A recent study that connects high estrogen levels with weight loss could suggest a novel solution for the problem of obesity.

Researchers at the Yale School of Medicine have shown that estrogen may curb hunger, a finding which could lead to new methods of treating obesity — especially for those resistant to leptin, a common weight-control hormone. Scientists have known about leptin’s effects on fat storage and long-term body weight for a decade, but Yale researchers have now discovered that estrogen acts in a similar capacity. Their results were reported in the Dec. 31 issue of Nature Medicine.

School of Medicine professor Tamas Horvath, who led the study, said the connection between estrogen and body weight can be seen in the experience of the many women who add body fat upon entering menopause, when estrogen levels go down. Though body fat and weight levels are reliant upon many factors, including other hormones, genes and diet, scientists said their experiments showed that estrogen has a definitive individual effect.

“We used animals that were the same age and from the same genetic background, and we found a 100 percent correlation,” said professor Qian Gao, a co-author of the study. “When we decreased estrogen, the animals gained more fat, and when we increased estrogen, the animals became less fat.”

Leptin is the main weight-controlling hormone, and the body does not naturally utilize estrogen as a secondary method to control hunger, Gao said. Though the correlation between estrogen and appetite is clear, there are possible negative side effects, he said. Estrogen may be able to reduce weight, but it could also increase the tissue mass of breasts, ovaries or the uterus.

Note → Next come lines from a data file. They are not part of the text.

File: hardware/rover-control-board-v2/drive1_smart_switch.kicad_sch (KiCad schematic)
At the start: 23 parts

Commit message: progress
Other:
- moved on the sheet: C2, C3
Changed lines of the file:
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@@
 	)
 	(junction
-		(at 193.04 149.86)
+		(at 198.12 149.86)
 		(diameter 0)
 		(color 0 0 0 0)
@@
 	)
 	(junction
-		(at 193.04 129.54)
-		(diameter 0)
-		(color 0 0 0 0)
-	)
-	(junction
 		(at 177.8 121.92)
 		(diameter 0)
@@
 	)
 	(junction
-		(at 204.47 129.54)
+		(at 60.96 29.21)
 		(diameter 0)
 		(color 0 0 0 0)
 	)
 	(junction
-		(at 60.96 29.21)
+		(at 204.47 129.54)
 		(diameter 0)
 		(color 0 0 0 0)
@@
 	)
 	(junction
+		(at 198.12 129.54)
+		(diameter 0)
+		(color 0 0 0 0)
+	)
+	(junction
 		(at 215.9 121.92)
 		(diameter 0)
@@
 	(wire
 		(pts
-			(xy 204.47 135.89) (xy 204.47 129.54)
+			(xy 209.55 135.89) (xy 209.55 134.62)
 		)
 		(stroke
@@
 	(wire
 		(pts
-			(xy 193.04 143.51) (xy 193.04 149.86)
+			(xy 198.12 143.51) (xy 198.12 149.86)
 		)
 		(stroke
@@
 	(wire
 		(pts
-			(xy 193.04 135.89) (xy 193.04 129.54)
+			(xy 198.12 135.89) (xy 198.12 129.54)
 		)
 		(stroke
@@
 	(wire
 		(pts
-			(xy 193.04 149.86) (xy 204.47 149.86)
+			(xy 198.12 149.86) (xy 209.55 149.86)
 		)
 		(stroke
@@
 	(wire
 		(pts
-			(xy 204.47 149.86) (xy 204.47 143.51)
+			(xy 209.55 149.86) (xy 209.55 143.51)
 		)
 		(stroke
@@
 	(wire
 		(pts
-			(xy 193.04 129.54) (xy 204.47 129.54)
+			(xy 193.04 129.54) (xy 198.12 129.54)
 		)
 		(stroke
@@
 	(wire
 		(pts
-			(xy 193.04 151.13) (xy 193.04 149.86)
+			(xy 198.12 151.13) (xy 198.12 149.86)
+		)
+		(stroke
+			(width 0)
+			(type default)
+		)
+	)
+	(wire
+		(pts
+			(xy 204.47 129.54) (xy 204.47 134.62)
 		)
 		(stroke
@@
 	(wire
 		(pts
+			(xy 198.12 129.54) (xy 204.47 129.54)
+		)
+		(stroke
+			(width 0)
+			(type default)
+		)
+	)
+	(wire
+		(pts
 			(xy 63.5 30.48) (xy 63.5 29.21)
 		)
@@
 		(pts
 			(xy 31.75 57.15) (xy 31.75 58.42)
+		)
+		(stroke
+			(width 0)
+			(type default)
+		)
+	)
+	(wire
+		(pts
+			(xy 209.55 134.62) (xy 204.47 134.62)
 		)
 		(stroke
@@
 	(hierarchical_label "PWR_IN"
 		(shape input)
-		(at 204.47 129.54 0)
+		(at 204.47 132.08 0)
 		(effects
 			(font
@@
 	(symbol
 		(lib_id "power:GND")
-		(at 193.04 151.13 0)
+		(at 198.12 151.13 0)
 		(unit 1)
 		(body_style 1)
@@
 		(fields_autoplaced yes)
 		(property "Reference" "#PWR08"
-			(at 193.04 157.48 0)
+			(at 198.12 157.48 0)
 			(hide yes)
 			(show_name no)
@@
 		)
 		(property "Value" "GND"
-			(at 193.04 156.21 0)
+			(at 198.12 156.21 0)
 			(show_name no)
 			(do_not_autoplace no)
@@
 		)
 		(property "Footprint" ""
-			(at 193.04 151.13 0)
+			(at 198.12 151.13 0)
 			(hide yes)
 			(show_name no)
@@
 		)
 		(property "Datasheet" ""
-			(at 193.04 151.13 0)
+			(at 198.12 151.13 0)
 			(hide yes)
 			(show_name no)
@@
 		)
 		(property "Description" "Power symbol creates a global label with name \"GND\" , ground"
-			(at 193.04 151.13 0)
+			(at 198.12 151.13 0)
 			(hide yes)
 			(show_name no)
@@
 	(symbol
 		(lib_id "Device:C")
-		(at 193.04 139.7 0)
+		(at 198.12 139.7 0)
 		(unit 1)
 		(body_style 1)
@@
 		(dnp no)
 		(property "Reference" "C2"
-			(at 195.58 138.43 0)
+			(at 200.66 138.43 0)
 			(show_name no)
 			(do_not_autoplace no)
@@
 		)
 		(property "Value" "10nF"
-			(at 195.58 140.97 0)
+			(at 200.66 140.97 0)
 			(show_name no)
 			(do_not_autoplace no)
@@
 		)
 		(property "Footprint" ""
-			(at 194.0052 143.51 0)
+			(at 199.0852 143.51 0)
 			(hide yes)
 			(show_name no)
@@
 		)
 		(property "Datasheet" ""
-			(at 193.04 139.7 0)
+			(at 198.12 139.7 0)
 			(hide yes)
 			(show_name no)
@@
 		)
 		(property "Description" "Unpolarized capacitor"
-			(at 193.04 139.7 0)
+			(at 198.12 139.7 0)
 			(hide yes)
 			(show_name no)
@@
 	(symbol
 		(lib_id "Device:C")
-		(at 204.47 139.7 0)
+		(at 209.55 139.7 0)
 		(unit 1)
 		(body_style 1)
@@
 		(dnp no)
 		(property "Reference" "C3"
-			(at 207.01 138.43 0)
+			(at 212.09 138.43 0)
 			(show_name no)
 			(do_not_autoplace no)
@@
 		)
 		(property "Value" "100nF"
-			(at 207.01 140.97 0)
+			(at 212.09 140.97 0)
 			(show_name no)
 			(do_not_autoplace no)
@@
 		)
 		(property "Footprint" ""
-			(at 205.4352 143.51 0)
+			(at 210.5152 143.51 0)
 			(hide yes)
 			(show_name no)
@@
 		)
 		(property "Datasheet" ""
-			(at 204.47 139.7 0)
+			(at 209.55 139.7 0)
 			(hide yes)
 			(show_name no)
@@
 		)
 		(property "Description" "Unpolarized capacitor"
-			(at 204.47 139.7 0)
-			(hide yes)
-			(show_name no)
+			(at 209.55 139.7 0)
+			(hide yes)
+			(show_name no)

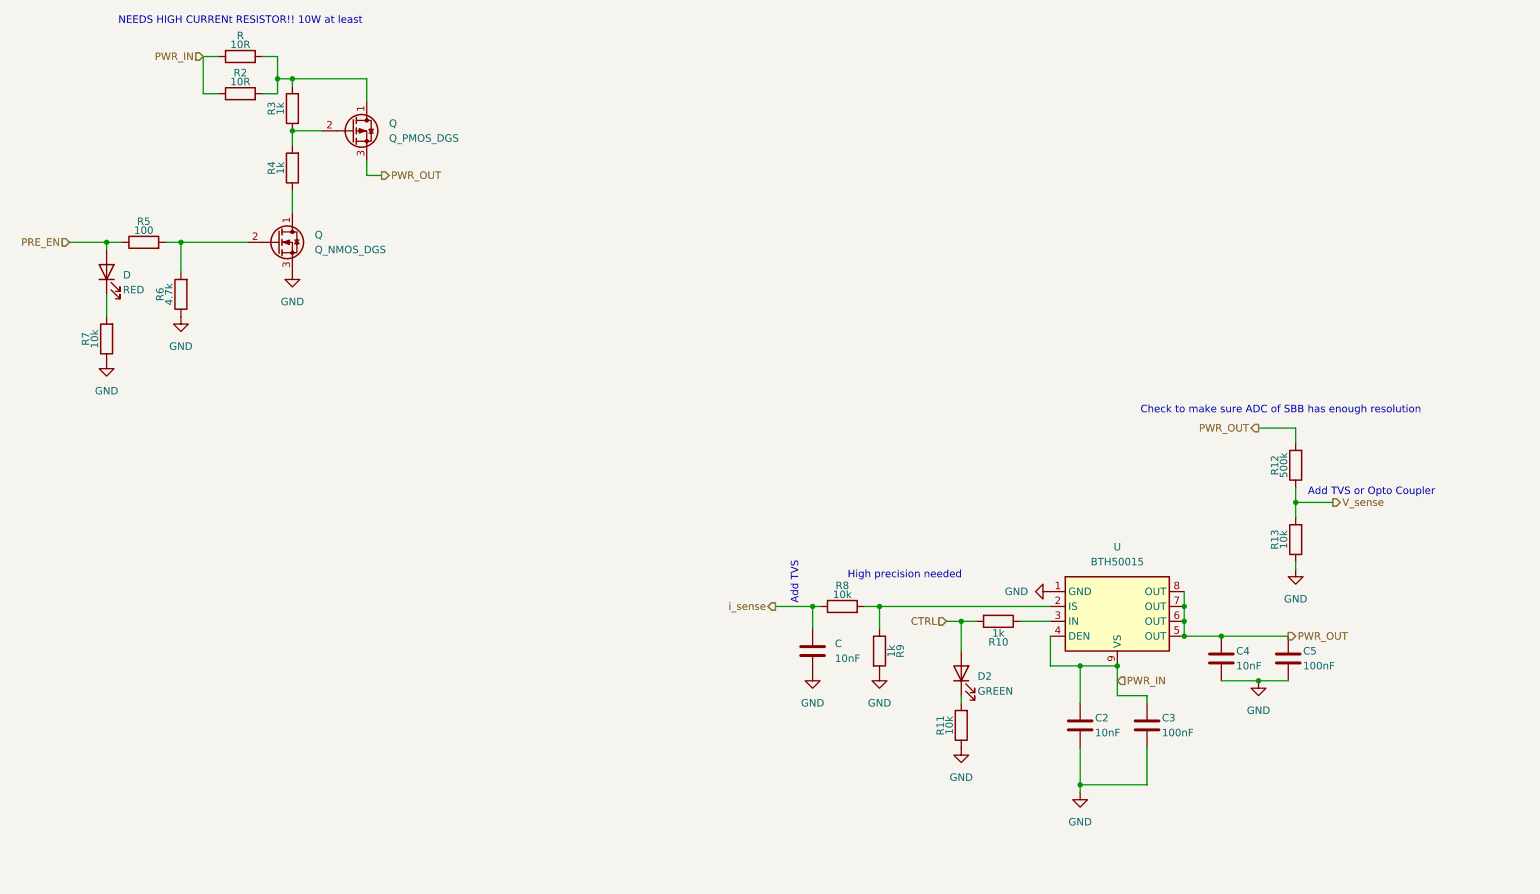
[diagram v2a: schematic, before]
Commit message: Channels routed, temp bus pending
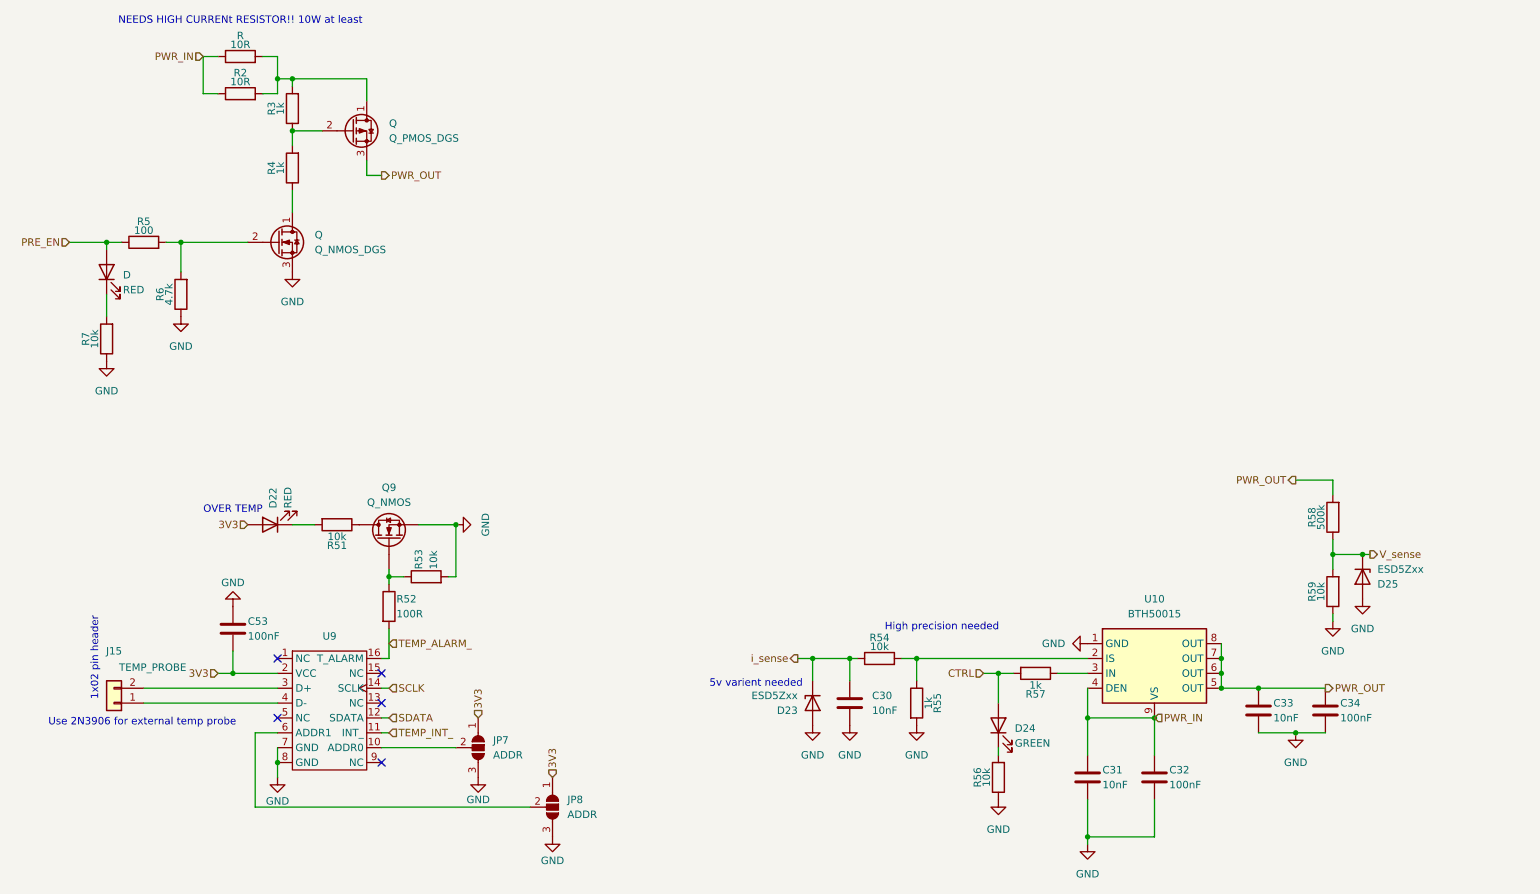
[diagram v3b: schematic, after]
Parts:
- removed C, C2, C4: 10nF, symbol Device:C
- removed C3, C5: 100nF, symbol Device:C
- removed D2: GREEN, symbol Device:LED
- removed R10, R9: 1k, symbol Device:R
- removed R11, R13, R8: 10k, symbol Device:R
- removed R12: 500k, symbol Device:R
- removed U: BTH50015, Package_SO:Infineon_PG-TSDSO-14-22, symbol component_library:BTH50015
- added C30, C31, C33: 10nF, symbol Device:C
- added C32, C34, C53: 100nF, symbol Device:C
- added D22: RED, symbol Device:LED
- added D23, D25: ESD5Zxx, Diode_SMD:D_SOD-523, symbol Diode:ESD5Zxx
- added D24: GREEN, symbol Device:LED
- added J15: TEMP_PROBE, symbol Connector_Generic:Conn_01x02
- added JP7, JP8: ADDR, Jumper:SolderJumper-3_P1.3mm_Open_Pad1.0x1.5mm, symbol Jumper:SolderJumper_3_Open
- added Q9: Q_NMOS, symbol Device:Q_NMOS
- added R51, R53, R54, R56, R59: 10k, symbol Device:R
- added R52: 100R, symbol Device:R
- added R55, R57: 1k, symbol Device:R
- added R58: 500k, symbol Device:R
- added U10: BTH50015, Package_SO:Infineon_PG-TSDSO-14-22, symbol component_library:BTH50015
- added U9: (no value), footprints:LM82, symbol component_library:LM82
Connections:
- net CTRL: now also D24.2 (A), R57.2
- net GND: now also C30.2, C31.2, C32.2, C33.2, C34.2, C53.1, D23.2 (A), D25.2 (A), JP7.3 (B), JP8.3 (B), Q9.S, R53.2, R55.2, R56.1, R59.1, U10.1 (GND), U9.7 (GND), U9.8 (GND)
- net PWR_IN: now also C31.1, C32.1, U10.4 (DEN), U10.9 (VS)
- net PWR_OUT: now also C33.1, C34.1, R58.2, U10.5 (OUT), U10.6 (OUT), U10.7 (OUT), U10.8 (OUT)
- net V_sense: now also D25.1 (K), R58.1, R59.2
- net i_sense: now also C30.1, D23.1 (K), R54.1
- new net: JP8.2 (C), U9.6 (ADDR1)
- new net: R54.2, R55.1, U10.2 (IS)
- new net: Q9.G, R52.1, R53.1
- new net: D24.1 (K), R56.2
- new net: Q9.D, R51.1
- new net: D22.1 (K), R51.2
- new net: R57.1, U10.3 (IN)
- new net: JP7.2 (C), U9.10 (ADDR0)
- new net: J15.2 (Pin_2), U9.3 (D+)
- new net: J15.1 (Pin_1), U9.4 (D-)
- new net 3V3: C53.2, D22.2 (A), JP7.1 (A), JP8.1 (A), U9.2 (VCC)
- new net SCLK: U9.14 (SCLK)
- new net SDATA: U9.12 (SDATA)
- new net TEMP_ALARM_: R52.2, U9.16 (T_ALARM)
- new net TEMP_INT_: U9.11 (INT_)
- no-connect marks 0 -> 5
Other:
- note added: "1x02 pin header"
- note added: "5v varient needed"
- note added: "OVER TEMP"
- note added: "Use 2N3906 for external temp probe"
- note removed: "Add TVS"
- note removed: "Add TVS or Opto Coupler"
- note removed: "Check to make sure ADC of SBB has enough resolution"

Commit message: Bus routed
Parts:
- renumbered C53 to C34, C30 to C35, C31 to C36, C32 to C37, C33 to C38, C34 to C39, D to D20, D22 to D21, D23 to D22, D24 to D23, D25 to D24, J15 to J13, Q to Q12, Q to Q13, Q9 to Q14, R7 to R62, R5 to R63, R6 to R64, R to R65, R2 to R66, R3 to R67, R4 to R68, R51 to R69, R52 to R70, R53 to R71, R54 to R72, R55 to R73, R56 to R74, R57 to R75, R58 to R76, R59 to R77, U9 to U11, U10 to U12

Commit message: revamping channel switches
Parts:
- renumbered C34 to C28, C35 to C29, C36 to C30, C37 to C31, C38 to C32, C39 to C33, J13 to J14, R62 to R61, R63 to R62, R64 to R63, R65 to R64, R66 to R65, R67 to R66, R68 to R67, R69 to R68, R70 to R69, R71 to R70, R72 to R71, R73 to R72, R74 to R73, R75 to R74, R76 to R75, R77 to R76, U11 to U10, U12 to U11

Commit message: Minor fixes and sanity checks
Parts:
- removed C29, C32: 10nF, symbol Device:C
- removed D22, D24: ESD5Zxx, Diode_SMD:D_SOD-523, symbol Diode:ESD5Zxx
- removed D23: GREEN, symbol Device:LED
- removed R71, R73, R76: 10k, symbol Device:R
- removed R72, R74: 1k, symbol Device:R
- removed R75: 500k, symbol Device:R
- removed U11: BTH50015, Package_SO:Infineon_PG-TSDSO-14-22, symbol component_library:BTH50015
- added C32: C_Polarized, Capacitor_SMD:CP_Elec_10x10.5, symbol Device:C_Polarized
- added D20: GREEN, symbol Device:LED
- added D21: ESD5Zxx, Diode_SMD:D_SOD-523, symbol Diode:ESD5Zxx
- added F4: Blade, symbol Device:Fuse
- added Q18: CSD19533Q5A, Package_TO_SOT_SMD:TDSON-8-1, symbol Transistor_FET:CSD19533Q5A
- added R67, R69: 10k, symbol Device:R
- added R68: 500k, symbol Device:R
- added U14: LTC7001, Package_SO:MSOP-10-1EP_3x3mm_P0.5mm_EP1.68x1.88mm, symbol component_library:LTC7001
- added U15: ACS37003, Package_SO:SOIC-16W_7.5x10.3mm_P1.27mm, symbol component_library:ACS37003
- C30: value 10nF -> 100nF
- C31: value 100nF -> 0.1uF
- renumbered C28 to C29, D20 to D18, D21 to D19, J14 to J15, Q12 to Q15, Q13 to Q16, Q14 to Q17, R61 to R57, R62 to R58, R63 to R59, R64 to R60, R65 to R61, R66 to R62, R67 to R63, R68 to R64, R69 to R65, R70 to R66, U10 to U13
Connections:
- net 3V3: now also C33.2, U15.13 (VCC)
- net CTRL: now also D20.2 (A), U14.4 (INP)
- net GND: now also C30.1, C33.1, C32.2, D21.2 (A), R67.1, R69.1, U14.11 (PAD), U14.2 (VCCUV), U14.3 (GND), U14.5 (OVLO), U15.16 (GND); no longer C30.2, C31.2, C33.2
- net PWR_IN: now also C32.1, Q18.5 (D); no longer C30.1, C31.1
- net PWR_OUT: now also F4.1, R68.2; no longer C33.1
- net V_sense: now also D21.1 (K), R68.1, R69.2
- net TEMP_INT_: no longer names the net of U13.11 (INT_)
- new net: Q18.1 (S), Q18.2 (S), Q18.3 (S), U15.1 (IP+), U15.2 (IP+), U15.3 (IP+), U15.4 (IP+)
- new net: F4.2, U15.5 (IP-), U15.6 (IP-), U15.7 (IP-), U15.8 (IP-)
- new net: D20.1 (K), R67.2
- new net: Q18.4 (G), U14.6 (TGDN), U14.7 (TGUP)
- new net: C30.2, U14.1 (VCC)
- new net: C31.2, U14.8 (TS)
- new net: C31.1, U14.9 (BST)
- new net VIOUT: U15.12 (VIOUT)
- new net VI_VREF: U15.11 (VREF)
- no-connect marks 5 -> 11
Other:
- note removed: "5v varient needed"
- note removed: "High precision needed"

Horvath and his team are working to identify compounds, called selective estrogen receptor modulators (SERMs), that would maintain estrogen’s weight-controlling properties in the brain but would not produce unwanted side effects in other parts of the body, said Richard Hochberg, a Yale professor involved in the study. SERMs act as estrogen would in some tissues but not in others, he said.

“It all depends how they interact, which has to do with the way they affect estrogen receptors,” Hochberg said.

Though the study of estrogen and its effect on the brain and feeding behavior is in its early stages, Horvath said, his team is hopeful about the hormone’s possible role in treating obesity.

“Estrogen in obesity treatment potentially has a great future because there are no medications against obesity, which is becoming a bigger problem,” Horvath said. “Anything that would be a novel way of approaching this problem gives us hope that … we may possibly find a solution.”